La storia di "Ciccio"
Un dattiloscritto intitolato Memorie di un antifascista 1920-1945,
recentemente consegnato alla Biblioteca comunale Forteguerriana di Pistoia dal
figlio Masinello [successivamente, da, 2010, pubblicate in libro col titolo Rallentare. N.d.A] , ci racconta la ricca ed appassionante esperienza umana di
Pulvio Gargini, operaio della Smi di Campotizzoro e comunista. Diciamo subito
che Gargini non fu uno dei più noti comandanti della Resistenza, né un
capopartito, ma fu una di quelle figure fondamentali, che troviamo nella storia
del movimento operaio italiano, cioè uno di quei dirigenti espressi dalla base
e che con la base vollero sempre rimanere a contatto divenendo così punti di
riferimento per tutta una comunità, in questo caso la Montagna pistoiese:
uomini senza la cui disinteressata ed appassionata dedizione, la lotta
antifascista per la democrazia e per la ricostruzione del Paese non avrebbero
avuto successo. “Uno degli ultimi pezzi di un mondo finito da tempo”, come poi
ricordò ai suoi funerali l’altro figlio Sergio. Il dattiloscritto si legge d'un
fiato, tanto sono avvincenti le vicende del periodo, e netta la convinzione che
meriti, seppur sinteticamente, ripercorrere la fasi di questa
significativa esperienza di vita.
Figlio di un ferroviere
socialista, Pulvio è testimone a Livorno della impari resistenza operaia nei
confronti di un movimento fascista potentemente sostenuto da settori del mondo
economico e dell’apparato statale. Torna con la famiglia a Pistoia, originaria
della frazione di Bonelle, ed al licenziamento politico del padre, è costretto,
ancora molto giovane, a cercarsi un lavoro
in una delle tante piccole officine meccaniche di Porta Lucchese che
allora circondavano la S. Giorgio (oggi Breda).

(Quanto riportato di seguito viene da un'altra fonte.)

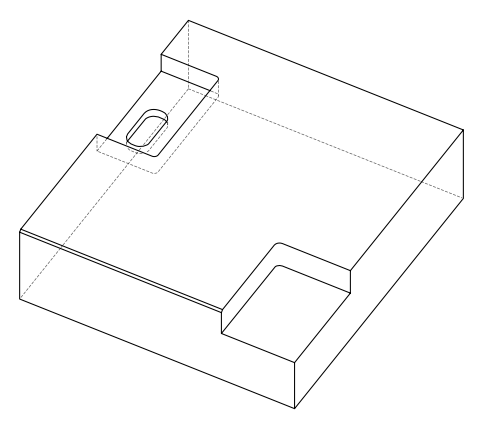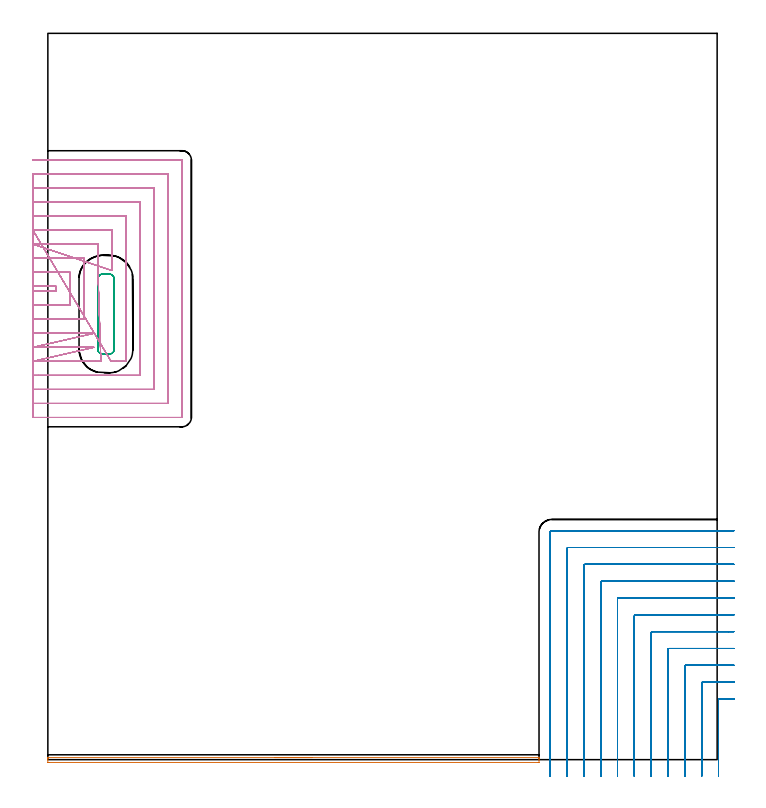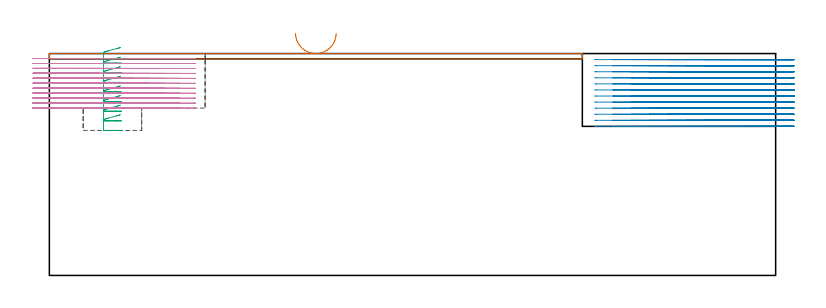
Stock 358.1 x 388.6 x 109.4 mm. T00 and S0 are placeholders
(PLAN: 4 operations, 3 tool changes, 108.5 min)
(1 AREA_MILL | FG_CHAMFER_SURFACE | UGT0205_001 | 2.26 min | 896 mm3)
(2 MILL_CORNER_NOTCH_RECTANGULAR | CORNER_NOTCH_RECTANGULAR | NXT0201_011 | Follow Part, ap 3, ae 75% | 40.56 min | 439312 mm3)
(3 MILL_RECTANGULAR_POCKET | POCKET_RECTANGULAR_STRAIGHT | UGT0201_104 | Follow Part, ap 5, ae 75% | 2.57 min | 63381 mm3)
(4 MILL_SLOT | SLOT_PARTIAL_RECTANGULAR | NXT0201_013 | Follow Part, ap 2.5, ae 75% | 63.08 min | 259870 mm3)
(TOOL UGT0205_001 | Chamfer Mill 20 x 3 x 45 deg. | D20 FL50 Z2)
(TOOL NXT0201_011 | ENDMILL 12mm [2P460-1200-NA 1630] | D12 FL38 Z6)
(TOOL UGT0201_104 | End Mill 20 mm | D20 FL22 Z2)
(TOOL NXT0201_013 | ENDMILL 10mm | D10 FL30 Z4)
(OP 1 AREA_MILL)
G17 G21 G94 G90
T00 M6
G54
G17 G0 G90 X121.4 Y1.1 S1061 M3
G43 Z119.4 H0
G94 G1 X121.438 Z118.528 F250.
X121.552 Z117.664
X121.741 Z116.812
X122.003 Z115.98
X122.337 Z115.174
X122.74 Z114.4
X123.208 Z113.664
X123.74 Z112.972
X124.329 Z112.329
X124.972 Z111.74
X125.664 Z111.208
X126.4 Z110.74
X127.174 Z110.337
X127.98 Z110.003
X128.812 Z109.741
X129.663 Z109.552
X130.528 Z109.438
X131.4 Z109.4
X262.637
X262.79 Y1.094 Z109.393
X262.8 Y0.792 Z109.091
Y0.444 Z108.743
Y-0.2 Z108.095
X262.799 Y-1.497 Z106.799
X262.797 Y-1.498 Z106.798
X262.423 Y-1.5 Z106.8
X0.61
X0.377 Y-1.499 Z106.801
X0.003 Y-1.491 Z106.805
X0. Y-1.401 Z106.896
Y-0.2 Z108.095
Y0.444 Z108.743
Y0.792 Z109.091
X0.01 Y1.094 Z109.393
X0.163 Y1.1 Z109.4
X131.4
X132.272 Z109.438
X133.136 Z109.552
X133.988 Z109.741
X134.82 Z110.003
X135.626 Z110.337
X136.4 Z110.74
X137.136 Z111.208
X137.828 Z111.74
X138.471 Z112.329
X139.06 Z112.972
X139.591 Z113.664
X140.06 Z114.4
X140.463 Z115.174
X140.797 Z115.98
X141.059 Z116.812
X141.248 Z117.664
X141.362 Z118.528
X141.4 Z119.4
M5
M2
(OP 2 MILL_CORNER_NOTCH_RECTANGULAR)
G17 G21 G94 G90
T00 M6
G54
G17 G0 G90 X367.1 Y32.5 S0 M3
G43 Z119.4 H1
Z106.408
G94 G1 X364.1 F250.
X359.394 F500.
G3 X358.8 Y31.906 R0.6
G1 Y-5.959
Y-8.959 F250.
G0 Z119.4
X367.1 Y41.5
Z106.408
G1 X364.1
X350.394 F500.
G3 X349.8 Y40.906 R0.6
G1 Y-6.
Y-9. F250.
G0 Z119.4
X367.1 Y50.5
Z106.408
G1 X364.1
X341.394 F500.
G3 X340.8 Y49.906 R0.6
G1 Y-6.
Y-9. F250.
G0 Z119.4
X367.1 Y59.5
Z106.408
G1 X364.1
X332.395 F500.
G3 X331.8 Y58.905 R0.6
G1 Y-6.
Y-9. F250.
G0 Z119.4
X367.1 Y68.5
Z106.408
G1 X364.1
X323.395 F500.
G3 X322.8 Y67.905 R0.6
G1 Y-6.
Y-9. F250.
G0 Z119.4
X367.1 Y77.5
Z106.408
G1 X364.1
X314.395 F500.
G3 X313.8 Y76.905 R0.6
G1 Y-6.
Y-9. F250.
G0 Z119.4
X367.1 Y86.5
Z106.408
G1 X364.1
X305.396 F500.
G3 X304.8 Y85.904 R0.6
G1 Y-6.
Y-9. F250.
G0 Z119.4
X367.1 Y95.5
Z106.408
G1 X364.1
X296.396 F500.
G3 X295.8 Y94.904 R0.6
G1 Y-6.
Y-9. F250.
G0 Z119.4
X367.1 Y104.5
Z106.408
G1 X364.1
X287.396 F500.
G3 X286.8 Y103.904 R0.6
G1 Y-6.
Y-9. F250.
G0 Z119.4
X367.1 Y113.5
Z106.408
G1 X364.1
X278.396 F500.
G3 X277.8 Y112.904 R0.6
G1 Y-6.
Y-9. F250.
G0 Z119.4
X367.1 Y122.5
Z106.408
G1 X364.1
X269.6 F500.
G3 X268.8 Y121.7 R0.8
G1 Y-6.
Y-9. F250.
G0 Z119.4
X367.1 Y32.5
Z103.417
G1 X364.1
X359.394 F500.
G3 X358.8 Y31.906 R0.6
G1 Y-5.959
Y-8.959 F250.
G0 Z119.4
X367.1 Y41.5
Z103.417
G1 X364.1
X350.394 F500.
G3 X349.8 Y40.906 R0.6
G1 Y-6.
Y-9. F250.
G0 Z119.4
X367.1 Y50.5
Z103.417
G1 X364.1
X341.394 F500.
G3 X340.8 Y49.906 R0.6
G1 Y-6.
Y-9. F250.
G0 Z119.4
X367.1 Y59.5
Z103.417
G1 X364.1
X332.395 F500.
G3 X331.8 Y58.905 R0.6
G1 Y-6.
Y-9. F250.
G0 Z119.4
X367.1 Y68.5
Z103.417
G1 X364.1
X323.395 F500.
G3 X322.8 Y67.905 R0.6
G1 Y-6.
Y-9. F250.
G0 Z119.4
X367.1 Y77.5
Z103.417
G1 X364.1
X314.395 F500.
G3 X313.8 Y76.905 R0.6
G1 Y-6.
Y-9. F250.
G0 Z119.4
X367.1 Y86.5
Z103.417
G1 X364.1
X305.396 F500.
G3 X304.8 Y85.904 R0.6
G1 Y-6.
Y-9. F250.
G0 Z119.4
X367.1 Y95.5
Z103.417
G1 X364.1
X296.396 F500.
G3 X295.8 Y94.904 R0.6
G1 Y-6.
Y-9. F250.
G0 Z119.4
X367.1 Y104.5
Z103.417
G1 X364.1
X287.396 F500.
G3 X286.8 Y103.904 R0.6
G1 Y-6.
Y-9. F250.
G0 Z119.4
X367.1 Y113.5
Z103.417
G1 X364.1
X278.396 F500.
G3 X277.8 Y112.904 R0.6
G1 Y-6.
Y-9. F250.
G0 Z119.4
X367.1 Y122.5
Z103.417
G1 X364.1
X269.6 F500.
G3 X268.8 Y121.7 R0.8
G1 Y-6.
Y-9. F250.
G0 Z119.4
X367.1 Y32.5
Z100.425
G1 X364.1
X359.394 F500.
G3 X358.8 Y31.906 R0.6
G1 Y-5.959
Y-8.959 F250.
G0 Z119.4
X367.1 Y41.5
Z100.425
G1 X364.1
X350.394 F500.
G3 X349.8 Y40.906 R0.6
G1 Y-6.
Y-9. F250.
G0 Z119.4
X367.1 Y50.5
Z100.425
G1 X364.1
X341.394 F500.
G3 X340.8 Y49.906 R0.6
G1 Y-6.
Y-9. F250.
G0 Z119.4
X367.1 Y59.5
Z100.425
G1 X364.1
X332.395 F500.
G3 X331.8 Y58.905 R0.6
G1 Y-6.
Y-9. F250.
G0 Z119.4
X367.1 Y68.5
Z100.425
G1 X364.1
X323.395 F500.
G3 X322.8 Y67.905 R0.6
G1 Y-6.
Y-9. F250.
G0 Z119.4
X367.1 Y77.5
Z100.425
G1 X364.1
X314.395 F500.
G3 X313.8 Y76.905 R0.6
G1 Y-6.
Y-9. F250.
G0 Z119.4
X367.1 Y86.5
Z100.425
G1 X364.1
X305.396 F500.
G3 X304.8 Y85.904 R0.6
G1 Y-6.
Y-9. F250.
G0 Z119.4
X367.1 Y95.5
Z100.425
G1 X364.1
X296.396 F500.
G3 X295.8 Y94.904 R0.6
G1 Y-6.
Y-9. F250.
G0 Z119.4
X367.1 Y104.5
Z100.425
G1 X364.1
X287.396 F500.
G3 X286.8 Y103.904 R0.6
G1 Y-6.
Y-9. F250.
G0 Z119.4
X367.1 Y113.5
Z100.425
G1 X364.1
X278.396 F500.
G3 X277.8 Y112.904 R0.6
G1 Y-6.
Y-9. F250.
G0 Z119.4
X367.1 Y122.5
Z100.425
G1 X364.1
X269.6 F500.
G3 X268.8 Y121.7 R0.8
G1 Y-6.
Y-9. F250.
G0 Z119.4
X367.1 Y32.5
Z97.433
G1 X364.1
X359.394 F500.
G3 X358.8 Y31.906 R0.6
G1 Y-5.959
Y-8.959 F250.
G0 Z119.4
X367.1 Y41.5
Z97.433
G1 X364.1
X350.394 F500.
G3 X349.8 Y40.906 R0.6
G1 Y-6.
Y-9. F250.
G0 Z119.4
X367.1 Y50.5
Z97.433
G1 X364.1
X341.394 F500.
G3 X340.8 Y49.906 R0.6
G1 Y-6.
Y-9. F250.
G0 Z119.4
X367.1 Y59.5
Z97.433
G1 X364.1
X332.395 F500.
G3 X331.8 Y58.905 R0.6
G1 Y-6.
Y-9. F250.
G0 Z119.4
X367.1 Y68.5
Z97.433
G1 X364.1
X323.395 F500.
G3 X322.8 Y67.905 R0.6
G1 Y-6.
Y-9. F250.
G0 Z119.4
X367.1 Y77.5
Z97.433
G1 X364.1
X314.395 F500.
G3 X313.8 Y76.905 R0.6
G1 Y-6.
Y-9. F250.
G0 Z119.4
X367.1 Y86.5
Z97.433
G1 X364.1
X305.396 F500.
G3 X304.8 Y85.904 R0.6
G1 Y-6.
Y-9. F250.
G0 Z119.4
X367.1 Y95.5
Z97.433
G1 X364.1
X296.396 F500.
G3 X295.8 Y94.904 R0.6
G1 Y-6.
Y-9. F250.
G0 Z119.4
X367.1 Y104.5
Z97.433
G1 X364.1
X287.396 F500.
G3 X286.8 Y103.904 R0.6
G1 Y-6.
Y-9. F250.
G0 Z119.4
X367.1 Y113.5
Z97.433
G1 X364.1
X278.396 F500.
G3 X277.8 Y112.904 R0.6
G1 Y-6.
Y-9. F250.
G0 Z119.4
X367.1 Y122.5
Z97.433
G1 X364.1
X269.6 F500.
G3 X268.8 Y121.7 R0.8
G1 Y-6.
Y-9. F250.
G0 Z119.4
X367.1 Y32.5
Z94.442
G1 X364.1
X359.394 F500.
G3 X358.8 Y31.906 R0.6
G1 Y-5.959
Y-8.959 F250.
G0 Z119.4
X367.1 Y41.5
Z94.442
G1 X364.1
X350.394 F500.
G3 X349.8 Y40.906 R0.6
G1 Y-6.
Y-9. F250.
G0 Z119.4
X367.1 Y50.5
Z94.442
G1 X364.1
X341.394 F500.
G3 X340.8 Y49.906 R0.6
G1 Y-6.
Y-9. F250.
G0 Z119.4
X367.1 Y59.5
Z94.442
G1 X364.1
X332.395 F500.
G3 X331.8 Y58.905 R0.6
G1 Y-6.
Y-9. F250.
G0 Z119.4
X367.1 Y68.5
Z94.442
G1 X364.1
X323.395 F500.
G3 X322.8 Y67.905 R0.6
G1 Y-6.
Y-9. F250.
G0 Z119.4
X367.1 Y77.5
Z94.442
G1 X364.1
X314.395 F500.
G3 X313.8 Y76.905 R0.6
G1 Y-6.
Y-9. F250.
G0 Z119.4
X367.1 Y86.5
Z94.442
G1 X364.1
X305.396 F500.
G3 X304.8 Y85.904 R0.6
G1 Y-6.
Y-9. F250.
G0 Z119.4
X367.1 Y95.5
Z94.442
G1 X364.1
X296.396 F500.
G3 X295.8 Y94.904 R0.6
G1 Y-6.
Y-9. F250.
G0 Z119.4
X367.1 Y104.5
Z94.442
G1 X364.1
X287.396 F500.
G3 X286.8 Y103.904 R0.6
G1 Y-6.
Y-9. F250.
G0 Z119.4
X367.1 Y113.5
Z94.442
G1 X364.1
X278.396 F500.
G3 X277.8 Y112.904 R0.6
G1 Y-6.
Y-9. F250.
G0 Z119.4
X367.1 Y122.5
Z94.442
G1 X364.1
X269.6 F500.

Sono anni della crisi economica mondiale seguita al crollo
di Wall Street ed anche il lavoro nella piccola officina pistoiese diventa
saltuario: per avere un po’ più di sicurezza basterebbe piegarsi ad accettare
la tessera del fascio, ma Gargini non ne vuole sapere. Abile operaio meccanico
specializzato Pulvio supera poi la prova per essere assunto in una importante
fabbrica, la Società Metallurgica Italiana di Campotizzoro, proprietà della
famiglia Orlando, nel comune di San Marcello Pistoiese, ma la chiamata al
lavoro per lui non arriva…manca la tessera! Gargini riesce abilmente ad
aggirare l’ostacolo ed a farsi assumere senza accettare la iscriversi al
partito perché è noto come ottimo giocatore di calcio: una pedina
insostituibile della squadra aziendale a cui il fascio di fabbrica tiene in
modo particolare. D’ora in poi la storia
personale di Pulvio, conosciuto in tutta la montagna con il soprannome di
“Ciccio”, sarà sempre strettamente intrecciata a quella di questo stabilimento
che diverrà poi strategico nello sforzo bellico italiano.
Siamo ora gli anni Trenta, il
controllo del Regime è occhiuto e totalizzante, ma sullo sfondo della guerra
d’Etiopia e della Guerra di Spagna, sia in fabbrica, sia durante gite
domenicali in montagna, apparentemente spensierate, iniziano i primi prudenti
contatti politici di Pulvio e dei suoi amici con l'opposizione clandestina
rappresentata soprattutto dai comunisti. Nello stabilimento, animata da
“Ciccio”, si forma una commissione parallela che spesso riesce a scavalcare il
sindacato fascista nelle trattative con la proprietà, circolano anche copie del
Manifesto del Partito comunista e compaiono le prime scritte
antifasciste.
Inizia la guerra e le maestranze
della SMI seguono con stupita apprensione i primi successi del blitzkrieg
tedesco, ma poi, preoccupate per l’entrata in guerra dell’Italia, iniziano a
riflettere sulle disfatte delle truppe fasciste in Africa ed in Grecia: molti
rifiutano l’abbonamento promosso dal fascio di fabbrica al “Ferruccio”, organo
della federazione pistoiese. “Questo episodio -
nota Pulvio - ci fa riflettere: quanti operai sono contrari alla
politica fascista. Quasi la totalità in officina, crediamo. Si cerca di
avvicinare più lavoratori” .
L’aggressione nazista all’URSS
spinge Pulvio e gli altri oppositori vicini al partito comunista a dar vita ad
una vera e propria organizzazione clandestina fra i ben 6000 dipendenti della
SMI, si crea così un importante nucleo antifascista che territorialmente darà
poi i suoi frutti in molte zone poiché i lavoratori della “Metallurgica” non
provenivano solo dalla Montagna pistoiese, ma anche dal Bolognese, dal
Lucchese, dalla Valdinievole e dalla
piana di Pistoia. Si raccolgono anche sottoscrizioni per creare un fondo cassa
in caso di necessità: Pulvio fa da
collettore versando poi a Maresca i soldi al segretario del nucleo Carlo
Petrolini ed al cassiere Giuseppe Vivarelli (Peppone).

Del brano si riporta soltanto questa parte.